# The Christian Reformed Church's positions



## CDM (May 16, 2006)

Here is the CRC's position on _Women in Ecclesiastical Office_:

http://www.crcna.org/pages/positions_women_office.cfm



> *Women may be ordained to all ecclesiastical offices in the Christian Reformed Church.* Women may be ordained as deacons in any church and as elders, ministers, and evangelists in churches belonging to classes that have declared the word male inoperative in Church Order Article 3-a. In classes that have not approved opening all the offices to women, individual congregations may still elect women as elders. The church's position is in effect until 2005, when it will again be reviewed. The biblical-theological argumentation that undergirds the CRC's approach to this issue can be found in Agenda for Synod 2000, pp. 355-73.



Is not Dr. Robert Godfrey, President of Westminster West, an ordained minister in the CRC? Which leads me to ask, does Westminster, too, teach that women can be Elders and Pastors?

Has the CRC always held to the liberal view of women in the church? 

I thought the CRC was a "conservative" denomination.


----------



## smhbbag (May 16, 2006)

From what I've been told by some CRC'ers, that has been the official denominational stance for quite a while. Strangely, most individual churches have not gone that route.

At Dordt College (CRC in Iowa), the issue is taught with a very heavy hand toward the ordination of women. The college certainly endorses it from the top down, although I know of nothing official saying so.

Like I said, though, most individual churches I'm aware of have not succumbed, and are strongly conservative on this issue and others, but the leadership has been pretty liberal for a long time. I'm not sure on any of the causes for that disconnect.


----------



## CDM (May 16, 2006)

That's amazing there are many (CRC) church's that haven't succumbed into liberalism. I wonder if it's like that with the PCUSA? 

I am wondering what I would do if my denomination (PCA) went this route. I am quite sure that that would force me to leave. And I believe membership is for life unless God calls you somewhere else for a purpose or apostasy.


----------



## R. Scott Clark (May 16, 2006)

> _Originally posted by mangum_
> Here is the CRC's position on _Women in Ecclesiastical Office_:
> 
> http://www.crcna.org/pages/positions_women_office.cfm
> ...



Yes, Bob Godfrey is president of WSC.

NO! Bob does not support the ordination of females to ministerial or presbyterial office.
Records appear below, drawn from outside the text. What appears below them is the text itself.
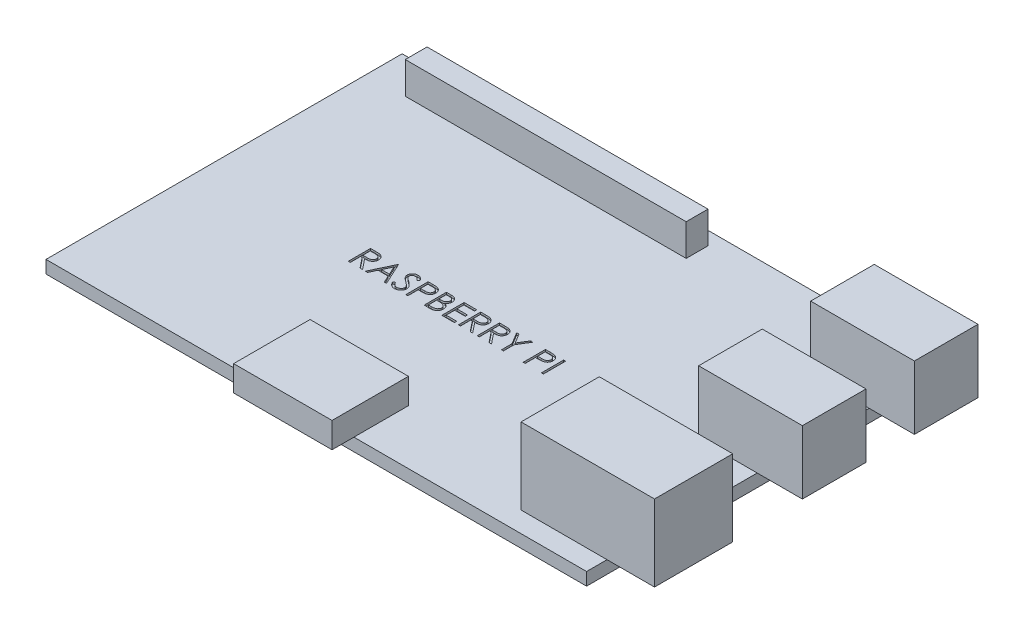
from build123d import *

# Parameters (mm, degrees)
SKETCH1_W           = 85
SKETCH1_H           = 56
BOSS_EXTRUDE1_DEPTH = 2
SKETCH2_W           = 44.16989505
SKETCH2_H           = 3.429859275
BOSS_EXTRUDE2_DEPTH = 5
SKETCH3_W           = 16.312745331
SKETCH3_H           = 10
BOSS_EXTRUDE3_DEPTH = 10
SKETCH4_W           = 20.982820563
SKETCH4_H           = 12.302427533
BOSS_EXTRUDE4_DEPTH = 12
SKETCH5_W           = 15.469882956
SKETCH5_H           = 12.011909119
BOSS_EXTRUDE5_DEPTH = 4
SKETCH6_W           = 0.314102564
SKETCH6_H           = 3.5
CUT_EXTRUDE1_DEPTH  = 0.3


with BuildPart() as part:
    # Sketch1 → Boss-Extrude1 (new body)
    with BuildSketch(Plane(origin=(0, 0, 0), x_dir=(1, 0, 0), z_dir=(0, 1, 0))):
        with Locations((42.5, 28)):
            Rectangle(SKETCH1_W, SKETCH1_H)
    extrude(amount=BOSS_EXTRUDE1_DEPTH)

    # Sketch2 → Boss-Extrude2 (add)
    with BuildSketch(Plane(origin=(0, 2, 0), x_dir=(1, 0, 0), z_dir=(0, 1, 0))):
        with Locations((28.111322067, 52.176325132)):
            Rectangle(SKETCH2_W, SKETCH2_H)
    extrude(amount=BOSS_EXTRUDE2_DEPTH)

    # Sketch3 → Boss-Extrude3 (add)
    with BuildSketch(Plane(origin=(0, 2, 0), x_dir=(1, 0, 0), z_dir=(0, 1, 0))):
        with Locations((83.951104162, 49.438227987)):
            Rectangle(SKETCH3_W, SKETCH3_H)
        with Locations((83.951104162, 31.8256135)):
            Rectangle(SKETCH3_W, SKETCH3_H)
    extrude(amount=BOSS_EXTRUDE3_DEPTH)

    # Sketch4 → Boss-Extrude4 (add)
    with BuildSketch(Plane(origin=(0, 2, 0), x_dir=(1, 0, 0), z_dir=(0, 1, 0))):
        with Locations((81.970867379, 9.368512449)):
            Rectangle(SKETCH4_W, SKETCH4_H)
    extrude(amount=BOSS_EXTRUDE4_DEPTH)

    # Sketch5 → Boss-Extrude5 (add)
    with BuildSketch(Plane(origin=(0, 2, 0), x_dir=(1, 0, 0), z_dir=(0, 1, 0))):
        with Locations((40.680180829, 2.565692434)):
            Rectangle(SKETCH5_W, SKETCH5_H)
    extrude(amount=BOSS_EXTRUDE5_DEPTH)

    # Sketch6 → Cut-Extrude1 (cut)
    # profile 1 of 11: a face of its own
    with BuildSketch(Plane(origin=(0, 2, 0), x_dir=(1, 0, 0), z_dir=(0, 1, 0))):
        with BuildLine():
            Line((24.021028214, 27.004389936), (24.721448888, 27.004389936))
            add(Edge.make_bspline(
                [(24.721448888, 27.004389936), (24.768190016, 27.00423435), (24.85793816, 27.003935608), (24.986511431, 27.002269845), (25.103338528, 26.99749549), (25.208358367, 26.993386906), (25.301569022, 26.985894965), (25.383256313, 26.978734318), (25.45304401, 26.969360657), (25.495289862, 26.960655234), (25.514417638, 26.956713654)],
                knots=[0, 0, 0, 0, 1.410062039, 2.707475311, 3.878576406, 4.937260626, 5.877586885, 6.699081471, 7.410979367, 8, 8, 8, 8], degree=3))
            add(Edge.make_bspline(
                [(25.514417638, 26.956713654), (25.540024262, 26.950386889), (25.590691251, 26.937868325), (25.663641317, 26.911408725), (25.733155641, 26.8807891), (25.798945465, 26.84482538), (25.860681257, 26.8032506), (25.918999567, 26.756782478), (25.974165031, 26.705675272), (26.023946661, 26.64864043), (26.070885713, 26.588803921), (26.110474339, 26.524100164), (26.144600819, 26.456438636), (26.171771336, 26.385131218), (26.193649309, 26.310869447), (26.209075549, 26.23298065), (26.218326736, 26.151819675), (26.219268592, 26.096461766), (26.219746163, 26.06839234)],
                knots=[0, 0, 0, 0, 1.027469482, 2.033020251, 3.019912614, 3.986113645, 4.951240523, 5.91722682, 6.890402269, 7.87763091, 8.8651537, 9.85103654, 10.82876324, 11.815024772, 12.821070561, 13.842952187, 14.906261191, 16, 16, 16, 16], degree=3))
            add(Edge.make_bspline(
                [(26.219746163, 26.06839234), (26.218277165, 26.021757236), (26.215410769, 25.930760068), (26.188685666, 25.798699186), (26.144909146, 25.675509872), (26.084585857, 25.561347234), (26.007766381, 25.458436588), (25.91544159, 25.368046133), (25.807559979, 25.292406221), (25.707130663, 25.239953416), (25.618416463, 25.206360507), (25.54538315, 25.182724148), (25.465716173, 25.164462183), (25.380178838, 25.148102051), (25.288415183, 25.135750357), (25.190645143, 25.126703762), (25.086798992, 25.121049714), (25.015459922, 25.120207709), (24.978760586, 25.119774552)],
                knots=[0, 0, 0, 0, 1.260483769, 2.459530307, 3.627416485, 4.787058657, 5.939039949, 7.08810263, 8.267026773, 9.491475466, 10.141966685, 10.831826277, 11.566392101, 12.351337768, 13.187381173, 14.07005841, 15.007169909, 16, 16, 16, 16], degree=3))
            Line((24.978760586, 25.119774552), (26.264617958, 23.504389936))
            Line((26.264617958, 23.504389936), (25.876196484, 23.504389936))
            Line((25.876196484, 23.504389936), (24.590339112, 25.119774552))
            Line((24.590339112, 25.119774552), (24.335130779, 25.119774552))
            Line((24.335130779, 25.119774552), (24.335130779, 23.504389936))
            Line((24.335130779, 23.504389936), (24.021028214, 23.504389936))
            Line((24.021028214, 23.504389936), (24.021028214, 27.004389936))
        make_face()
        with BuildLine():
            Line((24.335130779, 26.645415577), (24.335130779, 25.478748911))
            Line((24.335130779, 25.478748911), (24.975956099, 25.473841058))
            add(Edge.make_bspline(
                [(24.975956099, 25.473841058), (25.005876138, 25.473827822), (25.063869695, 25.473802165), (25.14777036, 25.477795941), (25.225890472, 25.48233926), (25.297931224, 25.489288605), (25.363924799, 25.498244677), (25.423838212, 25.509447661), (25.477769264, 25.522499724), (25.540667803, 25.54270135), (25.610904334, 25.574707368), (25.687235794, 25.621272867), (25.752238132, 25.679841986), (25.807155994, 25.746815442), (25.851285425, 25.820451691), (25.88239748, 25.89986806), (25.902139922, 25.983059658), (25.904468467, 26.040237766), (25.905643599, 26.069093462)],
                knots=[0, 0, 0, 0, 1.146690395, 2.22261258, 3.21895312, 4.145990853, 4.996080663, 5.770904154, 6.481378293, 7.121626537, 8.300444488, 9.431385265, 10.535395872, 11.636531494, 12.74115979, 13.810798291, 14.895190096, 16, 16, 16, 16], degree=3))
            add(Edge.make_bspline(
                [(25.905643599, 26.069093462), (25.904441478, 26.097240036), (25.902059313, 26.153016275), (25.882610544, 26.234672185), (25.849721163, 26.311739135), (25.805398925, 26.38390362), (25.75139977, 26.449409356), (25.688081957, 26.505456509), (25.617176762, 26.551705974), (25.550905564, 26.581260354), (25.491671351, 26.599380207), (25.440241691, 26.612131371), (25.382130213, 26.62237584), (25.317054755, 26.630583901), (25.245293124, 26.637638845), (25.166482473, 26.642390624), (25.081145693, 26.645204488), (25.021998761, 26.645343577), (24.991380779, 26.645415577)],
                knots=[0, 0, 0, 0, 1.101028733, 2.181837193, 3.264309656, 4.369019818, 5.486613113, 6.575447106, 7.666700264, 8.788928104, 9.402425223, 10.0903467, 10.862060571, 11.710948788, 12.657782767, 13.684531032, 14.801375019, 16, 16, 16, 16], degree=3))
            Line((24.991380779, 26.645415577), (24.335130779, 26.645415577))
        make_face(mode=Mode.SUBTRACT)
    # profile 2 of 11: a face of its own
    with BuildSketch(Plane(origin=(0, 2, 0), x_dir=(1, 0, 0), z_dir=(0, 1, 0))):
        Polygon((28.418464112, 27.004389936), (30.033848727, 23.504389936), (29.692402413, 23.504389936), (29.174974529, 24.626184808), (27.588335907, 24.626184808), (27.056184464, 23.504389936), (26.713335907, 23.504389936), (28.373592317, 27.004389936), align=None)
        Polygon((28.392522605, 26.32219843), (27.758708503, 24.985159167), (29.009509785, 24.985159167), align=None, mode=Mode.SUBTRACT)
    # profile 3 of 11: a face of its own
    with BuildSketch(Plane(origin=(0, 2, 0), x_dir=(1, 0, 0), z_dir=(0, 1, 0))):
        with BuildLine():
            Line((30.303079496, 24.179570225), (30.598952894, 24.356954039))
            add(Edge.make_bspline(
                [(30.598952894, 24.356954039), (30.626471131, 24.310889654), (30.679195012, 24.22263207), (30.767146371, 24.10337403), (30.858279282, 24.002011873), (30.953268616, 23.919135265), (31.051534564, 23.853886379), (31.153718618, 23.807684147), (31.259476428, 23.778868172), (31.33145025, 23.775368085), (31.367382381, 23.773620706)],
                knots=[0, 0, 0, 0, 1.272034388, 2.437168799, 3.508375237, 4.49857839, 5.41946034, 6.295179144, 7.148887113, 8, 8, 8, 8], degree=3))
            add(Edge.make_bspline(
                [(31.367382381, 23.773620706), (31.398069242, 23.774475378), (31.458906015, 23.776169768), (31.548468258, 23.792450571), (31.63545006, 23.817462699), (31.718058698, 23.853283631), (31.795154312, 23.896622117), (31.862761007, 23.948968294), (31.921207121, 24.0075745), (31.969016235, 24.072957155), (32.005696271, 24.143274303), (32.033888339, 24.215450254), (32.049533413, 24.290618823), (32.051890166, 24.341229286), (32.053079496, 24.366769744)],
                knots=[0, 0, 0, 0, 1.095163259, 2.171163733, 3.241058638, 4.321873601, 5.38011039, 6.391990106, 7.366004449, 8.327778327, 9.272591725, 10.192022065, 11.087607919, 12, 12, 12, 12], degree=3))
            add(Edge.make_bspline(
                [(32.053079496, 24.366769744), (32.051605186, 24.395910594), (32.048608128, 24.455149683), (32.023276648, 24.542549336), (31.983427401, 24.629041906), (31.946664757, 24.682543172), (31.927578695, 24.710319424)],
                knots=[0, 0, 0, 0, 0.938893495, 1.908633276, 2.914225137, 4, 4, 4, 4], degree=3))
            add(Edge.make_bspline(
                [(31.927578695, 24.710319424), (31.911908081, 24.730366247), (31.879009587, 24.772452046), (31.822452074, 24.835097281), (31.75608596, 24.8997157), (31.682182405, 24.968774757), (31.598049316, 25.039062554), (31.506321802, 25.113930832), (31.404657943, 25.190532409), (31.333358446, 25.241904974), (31.29656908, 25.268412372)],
                knots=[0, 0, 0, 0, 0.722233717, 1.516239348, 2.393582979, 3.351407094, 4.387010283, 5.505090956, 6.712668013, 8, 8, 8, 8], degree=3))
            add(Edge.make_bspline(
                [(31.29656908, 25.268412372), (31.259745084, 25.29464096), (31.189340407, 25.344788022), (31.090881825, 25.419212306), (31.002837362, 25.487256176), (30.925598345, 25.549560188), (30.859198748, 25.606132793), (30.803115337, 25.656430732), (30.75877678, 25.701814293), (30.7341212, 25.731255634), (30.723051452, 25.744474071)],
                knots=[0, 0, 0, 0, 1.452282411, 2.77665338, 3.964542531, 5.026858415, 5.96415736, 6.766646006, 7.446254459, 8, 8, 8, 8], degree=3))
            add(Edge.make_bspline(
                [(30.723051452, 25.744474071), (30.707578906, 25.765075108), (30.67715007, 25.805589812), (30.636984064, 25.868914669), (30.602844901, 25.933737935), (30.576082569, 26.000233799), (30.55354635, 26.067468728), (30.53838842, 26.136319974), (30.528897023, 26.206478592), (30.527925036, 26.253692093), (30.527438471, 26.277326635)],
                knots=[0, 0, 0, 0, 1.068054152, 2.10047183, 3.106115577, 4.101338837, 5.06977816, 6.043150881, 7.020423561, 8, 8, 8, 8], degree=3))
            add(Edge.make_bspline(
                [(30.527438471, 26.277326635), (30.52874368, 26.31435641), (30.5313262, 26.387624473), (30.553166717, 26.494655304), (30.587639611, 26.596841721), (30.635934499, 26.693172055), (30.698191852, 26.781138036), (30.770237826, 26.861751523), (30.856049312, 26.929520105), (30.950201935, 26.988732163), (31.053258308, 27.035078089), (31.161249211, 27.070039069), (31.274346283, 27.089848326), (31.350949418, 27.092691091), (31.389818279, 27.094133526)],
                knots=[0, 0, 0, 0, 1.005424448, 1.989358655, 2.955360095, 3.929531133, 4.905563448, 5.876582895, 6.856512386, 7.866279853, 8.892233794, 9.918561126, 10.94386622, 12, 12, 12, 12], degree=3))
            add(Edge.make_bspline(
                [(31.389818279, 27.094133526), (31.431062379, 27.092710975), (31.513083731, 27.089881974), (31.633732946, 27.065284442), (31.749893663, 27.02458377), (31.843336927, 26.978395112), (31.916469689, 26.932263697), (31.972242422, 26.890243872), (32.028759872, 26.841868764), (32.086477927, 26.787009518), (32.144418587, 26.725162767), (32.203442039, 26.656752078), (32.263686308, 26.582195522), (32.302442168, 26.528971021), (32.322310266, 26.50168561)],
                knots=[0, 0, 0, 0, 1.286793592, 2.559021753, 3.825965368, 5.121522368, 5.803751409, 6.523245864, 7.299691795, 8.125521123, 9.008227632, 9.944561021, 10.946284179, 12, 12, 12, 12], degree=3))
            Line((32.322310266, 26.50168561), (32.038355939, 26.286441219))
            add(Edge.make_bspline(
                [(32.038355939, 26.286441219), (32.021210006, 26.308529909), (31.988190949, 26.351067562), (31.938061462, 26.410638878), (31.890812814, 26.465055357), (31.844262415, 26.512320485), (31.800868783, 26.555022619), (31.758751741, 26.591582375), (31.71851739, 26.622357971), (31.667800479, 26.655201531), (31.604082761, 26.687758034), (31.524098225, 26.715307113), (31.440511949, 26.731862174), (31.383582318, 26.734051062), (31.354762189, 26.735159167)],
                knots=[0, 0, 0, 0, 1.181633172, 2.275549214, 3.290209073, 4.226197932, 5.078386478, 5.862611352, 6.581680152, 7.217281963, 8.414376989, 9.595101626, 10.782541182, 12, 12, 12, 12], degree=3))
            add(Edge.make_bspline(
                [(31.354762189, 26.735159167), (31.318605666, 26.733947467), (31.248881219, 26.731610818), (31.149890983, 26.706090833), (31.060797058, 26.665908972), (30.984244493, 26.609593994), (30.920507516, 26.542873002), (30.874402057, 26.466094147), (30.846651892, 26.381311744), (30.843265613, 26.322170088), (30.841541035, 26.292050193)],
                knots=[0, 0, 0, 0, 1.14458467, 2.207223713, 3.21896685, 4.227309161, 5.202851033, 6.127160689, 7.046193047, 8, 8, 8, 8], degree=3))
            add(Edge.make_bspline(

In fact, Bob led the confessional response to the ordination of women. All that ended in 1995 when the CRC Synod declared that the Holy Spirit had led them to set aside the Church Order articles that deny ordination to ministerial and presbyterial office to females.

Bob was among the leaders of the Alliance of Reformed churches which eventually became (ca. 1996) the United Reformed Churches. Bob helped to lead his local congregation (now the Escondido URC) out of the CRC and into the URC.

He did this at considerable personal cost to himself and to the seminary.

Bob, Mike Horton, Derke Bergsma (emeritus professor of practical theology) and I are all members of and ministers in the United Reformed Churches in North America.



> Which leads me to ask, does Westminster, too, teach that women can be Elders and Pastors?



No, the seminary does not support the ordination of females to the presbyterial and ministerial offices!

Back in the 90's we published this Testimony to Our Time.

Part of which says:



> *Concerning the Ordination of Women we believe*:
> 
> That men and women equally bear the image of God and are to serve him with all their gifts according to his specific callings to them.
> 
> ...



Chris asks:



> Has the CRC always held to the liberal view of women in the church?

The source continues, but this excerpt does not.